> _Task directions_:
Reproduce all of the data word for word.

(Excerpts from a dataset)
== Segment start ==
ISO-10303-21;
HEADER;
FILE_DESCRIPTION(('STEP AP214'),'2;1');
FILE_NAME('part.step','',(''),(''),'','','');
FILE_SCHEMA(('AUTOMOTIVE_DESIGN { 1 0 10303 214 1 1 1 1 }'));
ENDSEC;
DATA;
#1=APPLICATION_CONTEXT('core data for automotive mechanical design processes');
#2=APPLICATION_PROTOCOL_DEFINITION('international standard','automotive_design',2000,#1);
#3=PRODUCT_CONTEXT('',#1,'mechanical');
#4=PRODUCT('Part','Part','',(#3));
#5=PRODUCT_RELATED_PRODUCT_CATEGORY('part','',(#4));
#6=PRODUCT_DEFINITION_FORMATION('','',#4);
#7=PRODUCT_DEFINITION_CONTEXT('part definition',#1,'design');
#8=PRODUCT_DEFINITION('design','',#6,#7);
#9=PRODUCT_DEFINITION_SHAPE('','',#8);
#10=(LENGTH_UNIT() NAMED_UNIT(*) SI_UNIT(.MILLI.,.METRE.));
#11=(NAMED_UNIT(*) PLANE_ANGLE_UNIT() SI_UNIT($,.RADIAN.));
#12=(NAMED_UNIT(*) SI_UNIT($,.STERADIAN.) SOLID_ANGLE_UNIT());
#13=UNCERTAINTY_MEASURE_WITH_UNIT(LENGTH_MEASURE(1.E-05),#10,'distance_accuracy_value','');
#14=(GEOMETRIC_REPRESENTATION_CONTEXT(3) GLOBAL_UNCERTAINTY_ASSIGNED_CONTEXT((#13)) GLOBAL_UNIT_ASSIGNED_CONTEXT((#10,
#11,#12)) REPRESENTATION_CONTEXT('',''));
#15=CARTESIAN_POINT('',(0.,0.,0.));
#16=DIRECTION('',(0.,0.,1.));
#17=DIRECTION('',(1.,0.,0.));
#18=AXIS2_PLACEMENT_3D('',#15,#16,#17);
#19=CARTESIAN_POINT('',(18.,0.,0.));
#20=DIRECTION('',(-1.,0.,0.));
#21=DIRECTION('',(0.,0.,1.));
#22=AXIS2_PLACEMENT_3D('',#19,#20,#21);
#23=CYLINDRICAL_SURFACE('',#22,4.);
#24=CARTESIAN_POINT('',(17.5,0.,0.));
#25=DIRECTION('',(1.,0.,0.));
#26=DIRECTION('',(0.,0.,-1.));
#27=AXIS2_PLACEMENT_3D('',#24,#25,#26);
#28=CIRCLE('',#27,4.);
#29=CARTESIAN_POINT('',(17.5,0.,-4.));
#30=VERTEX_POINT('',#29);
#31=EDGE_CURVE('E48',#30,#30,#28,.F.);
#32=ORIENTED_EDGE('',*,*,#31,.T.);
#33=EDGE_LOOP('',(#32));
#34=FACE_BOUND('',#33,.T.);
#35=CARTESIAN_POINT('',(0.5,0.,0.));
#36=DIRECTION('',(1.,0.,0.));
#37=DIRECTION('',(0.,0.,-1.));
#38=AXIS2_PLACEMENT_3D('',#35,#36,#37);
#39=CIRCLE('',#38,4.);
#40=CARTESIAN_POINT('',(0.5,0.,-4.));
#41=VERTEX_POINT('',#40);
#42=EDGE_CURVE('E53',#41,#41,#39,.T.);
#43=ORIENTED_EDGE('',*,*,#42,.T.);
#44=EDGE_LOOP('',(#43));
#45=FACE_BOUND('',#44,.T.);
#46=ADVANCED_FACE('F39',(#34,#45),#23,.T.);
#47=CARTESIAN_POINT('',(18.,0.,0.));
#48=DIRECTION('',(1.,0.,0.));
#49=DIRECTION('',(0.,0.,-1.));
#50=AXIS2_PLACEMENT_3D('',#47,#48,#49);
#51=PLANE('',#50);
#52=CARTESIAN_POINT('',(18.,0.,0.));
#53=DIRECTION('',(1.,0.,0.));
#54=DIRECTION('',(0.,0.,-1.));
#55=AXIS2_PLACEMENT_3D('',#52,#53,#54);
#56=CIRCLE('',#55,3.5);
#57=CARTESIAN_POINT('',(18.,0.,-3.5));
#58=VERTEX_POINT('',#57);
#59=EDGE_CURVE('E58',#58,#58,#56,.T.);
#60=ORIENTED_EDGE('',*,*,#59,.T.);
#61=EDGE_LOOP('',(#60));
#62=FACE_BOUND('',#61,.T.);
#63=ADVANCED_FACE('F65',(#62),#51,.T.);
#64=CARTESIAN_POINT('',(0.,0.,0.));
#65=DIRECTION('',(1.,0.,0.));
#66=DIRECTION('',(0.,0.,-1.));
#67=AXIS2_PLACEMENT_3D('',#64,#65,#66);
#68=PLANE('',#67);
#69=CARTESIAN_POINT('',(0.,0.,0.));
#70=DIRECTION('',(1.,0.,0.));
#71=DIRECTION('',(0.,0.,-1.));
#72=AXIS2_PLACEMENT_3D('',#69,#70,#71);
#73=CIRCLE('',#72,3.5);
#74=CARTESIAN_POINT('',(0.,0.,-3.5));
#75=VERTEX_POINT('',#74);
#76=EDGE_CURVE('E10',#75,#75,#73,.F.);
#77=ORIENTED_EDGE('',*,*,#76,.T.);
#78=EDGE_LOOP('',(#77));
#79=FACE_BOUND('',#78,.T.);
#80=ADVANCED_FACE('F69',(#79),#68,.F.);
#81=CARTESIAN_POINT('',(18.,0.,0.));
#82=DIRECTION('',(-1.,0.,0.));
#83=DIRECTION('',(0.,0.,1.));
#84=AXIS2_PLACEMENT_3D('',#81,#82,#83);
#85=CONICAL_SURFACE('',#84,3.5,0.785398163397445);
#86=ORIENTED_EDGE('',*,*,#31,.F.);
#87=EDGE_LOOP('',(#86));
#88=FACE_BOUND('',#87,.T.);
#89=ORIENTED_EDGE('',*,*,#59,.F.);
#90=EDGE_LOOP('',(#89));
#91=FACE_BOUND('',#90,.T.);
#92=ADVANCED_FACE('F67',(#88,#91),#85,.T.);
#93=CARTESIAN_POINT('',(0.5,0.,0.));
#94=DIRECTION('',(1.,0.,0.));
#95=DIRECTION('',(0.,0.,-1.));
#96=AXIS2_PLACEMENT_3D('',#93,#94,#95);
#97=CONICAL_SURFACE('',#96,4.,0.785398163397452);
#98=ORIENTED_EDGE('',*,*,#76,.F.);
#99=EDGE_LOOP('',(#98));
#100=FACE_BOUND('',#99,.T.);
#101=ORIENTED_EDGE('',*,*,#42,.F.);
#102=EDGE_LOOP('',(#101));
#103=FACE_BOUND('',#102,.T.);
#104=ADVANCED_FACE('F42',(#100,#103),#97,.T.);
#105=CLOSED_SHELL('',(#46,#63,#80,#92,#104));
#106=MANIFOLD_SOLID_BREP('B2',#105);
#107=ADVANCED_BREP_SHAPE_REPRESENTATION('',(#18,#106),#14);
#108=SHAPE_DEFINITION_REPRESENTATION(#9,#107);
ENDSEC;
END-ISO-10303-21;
== Segment end ==
> _Exercise output_:
ISO-10303-21;
HEADER;
FILE_DESCRIPTION(('STEP AP214'),'2;1');
FILE_NAME('part.step','',(''),(''),'','','');
FILE_SCHEMA(('AUTOMOTIVE_DESIGN { 1 0 10303 214 1 1 1 1 }'));
ENDSEC;
DATA;
#1=APPLICATION_CONTEXT('core data for automotive mechanical design processes');
#2=APPLICATION_PROTOCOL_DEFINITION('international standard','automotive_design',2000,#1);
#3=PRODUCT_CONTEXT('',#1,'mechanical');
#4=PRODUCT('Part','Part','',(#3));
#5=PRODUCT_RELATED_PRODUCT_CATEGORY('part','',(#4));
#6=PRODUCT_DEFINITION_FORMATION('','',#4);
#7=PRODUCT_DEFINITION_CONTEXT('part definition',#1,'design');
#8=PRODUCT_DEFINITION('design','',#6,#7);
#9=PRODUCT_DEFINITION_SHAPE('','',#8);
#10=(LENGTH_UNIT() NAMED_UNIT(*) SI_UNIT(.MILLI.,.METRE.));
#11=(NAMED_UNIT(*) PLANE_ANGLE_UNIT() SI_UNIT($,.RADIAN.));
#12=(NAMED_UNIT(*) SI_UNIT($,.STERADIAN.) SOLID_ANGLE_UNIT());
#13=UNCERTAINTY_MEASURE_WITH_UNIT(LENGTH_MEASURE(1.E-05),#10,'distance_accuracy_value','');
#14=(GEOMETRIC_REPRESENTATION_CONTEXT(3) GLOBAL_UNCERTAINTY_ASSIGNED_CONTEXT((#13)) GLOBAL_UNIT_ASSIGNED_CONTEXT((#10,
#11,#12)) REPRESENTATION_CONTEXT('',''));
#15=CARTESIAN_POINT('',(0.,0.,0.));
#16=DIRECTION('',(0.,0.,1.));
#17=DIRECTION('',(1.,0.,0.));
#18=AXIS2_PLACEMENT_3D('',#15,#16,#17);
#19=CARTESIAN_POINT('',(18.,0.,0.));
#20=DIRECTION('',(-1.,0.,0.));
#21=DIRECTION('',(0.,0.,1.));
#22=AXIS2_PLACEMENT_3D('',#19,#20,#21);
#23=CYLINDRICAL_SURFACE('',#22,4.);
#24=CARTESIAN_POINT('',(17.5,0.,0.));
#25=DIRECTION('',(1.,0.,0.));
#26=DIRECTION('',(0.,0.,-1.));
#27=AXIS2_PLACEMENT_3D('',#24,#25,#26);
#28=CIRCLE('',#27,4.);
#29=CARTESIAN_POINT('',(17.5,0.,-4.));
#30=VERTEX_POINT('',#29);
#31=EDGE_CURVE('E48',#30,#30,#28,.F.);
#32=ORIENTED_EDGE('',*,*,#31,.T.);
#33=EDGE_LOOP('',(#32));
#34=FACE_BOUND('',#33,.T.);
#35=CARTESIAN_POINT('',(0.5,0.,0.));
#36=DIRECTION('',(1.,0.,0.));
#37=DIRECTION('',(0.,0.,-1.));
#38=AXIS2_PLACEMENT_3D('',#35,#36,#37);
#39=CIRCLE('',#38,4.);
#40=CARTESIAN_POINT('',(0.5,0.,-4.));
#41=VERTEX_POINT('',#40);
#42=EDGE_CURVE('E53',#41,#41,#39,.T.);
#43=ORIENTED_EDGE('',*,*,#42,.T.);
#44=EDGE_LOOP('',(#43));
#45=FACE_BOUND('',#44,.T.);
#46=ADVANCED_FACE('F39',(#34,#45),#23,.T.);
#47=CARTESIAN_POINT('',(18.,0.,0.));
#48=DIRECTION('',(1.,0.,0.));
#49=DIRECTION('',(0.,0.,-1.));
#50=AXIS2_PLACEMENT_3D('',#47,#48,#49);
#51=PLANE('',#50);
#52=CARTESIAN_POINT('',(18.,0.,0.));
#53=DIRECTION('',(1.,0.,0.));
#54=DIRECTION('',(0.,0.,-1.));
#55=AXIS2_PLACEMENT_3D('',#52,#53,#54);
#56=CIRCLE('',#55,3.5);
#57=CARTESIAN_POINT('',(18.,0.,-3.5));
#58=VERTEX_POINT('',#57);
#59=EDGE_CURVE('E58',#58,#58,#56,.T.);
#60=ORIENTED_EDGE('',*,*,#59,.T.);
#61=EDGE_LOOP('',(#60));
#62=FACE_BOUND('',#61,.T.);
#63=ADVANCED_FACE('F65',(#62),#51,.T.);
#64=CARTESIAN_POINT('',(0.,0.,0.));
#65=DIRECTION('',(1.,0.,0.));
#66=DIRECTION('',(0.,0.,-1.));
#67=AXIS2_PLACEMENT_3D('',#64,#65,#66);
#68=PLANE('',#67);
#69=CARTESIAN_POINT('',(0.,0.,0.));
#70=DIRECTION('',(1.,0.,0.));
#71=DIRECTION('',(0.,0.,-1.));
#72=AXIS2_PLACEMENT_3D('',#69,#70,#71);
#73=CIRCLE('',#72,3.5);
#74=CARTESIAN_POINT('',(0.,0.,-3.5));
#75=VERTEX_POINT('',#74);
#76=EDGE_CURVE('E10',#75,#75,#73,.F.);
#77=ORIENTED_EDGE('',*,*,#76,.T.);
#78=EDGE_LOOP('',(#77));
#79=FACE_BOUND('',#78,.T.);
#80=ADVANCED_FACE('F69',(#79),#68,.F.);
#81=CARTESIAN_POINT('',(18.,0.,0.));
#82=DIRECTION('',(-1.,0.,0.));
#83=DIRECTION('',(0.,0.,1.));
#84=AXIS2_PLACEMENT_3D('',#81,#82,#83);
#85=CONICAL_SURFACE('',#84,3.5,0.785398163397445);
#86=ORIENTED_EDGE('',*,*,#31,.F.);
#87=EDGE_LOOP('',(#86));
#88=FACE_BOUND('',#87,.T.);
#89=ORIENTED_EDGE('',*,*,#59,.F.);
#90=EDGE_LOOP('',(#89));
#91=FACE_BOUND('',#90,.T.);
#92=ADVANCED_FACE('F67',(#88,#91),#85,.T.);
#93=CARTESIAN_POINT('',(0.5,0.,0.));
#94=DIRECTION('',(1.,0.,0.));
#95=DIRECTION('',(0.,0.,-1.));
#96=AXIS2_PLACEMENT_3D('',#93,#94,#95);
#97=CONICAL_SURFACE('',#96,4.,0.785398163397452);
#98=ORIENTED_EDGE('',*,*,#76,.F.);
#99=EDGE_LOOP('',(#98));
#100=FACE_BOUND('',#99,.T.);
#101=ORIENTED_EDGE('',*,*,#42,.F.);
#102=EDGE_LOOP('',(#101));
#103=FACE_BOUND('',#102,.T.);
#104=ADVANCED_FACE('F42',(#100,#103),#97,.T.);
#105=CLOSED_SHELL('',(#46,#63,#80,#92,#104));
#106=MANIFOLD_SOLID_BREP('B2',#105);
#107=ADVANCED_BREP_SHAPE_REPRESENTATION('',(#18,#106),#14);
#108=SHAPE_DEFINITION_REPRESENTATION(#9,#107);
ENDSEC;
END-ISO-10303-21;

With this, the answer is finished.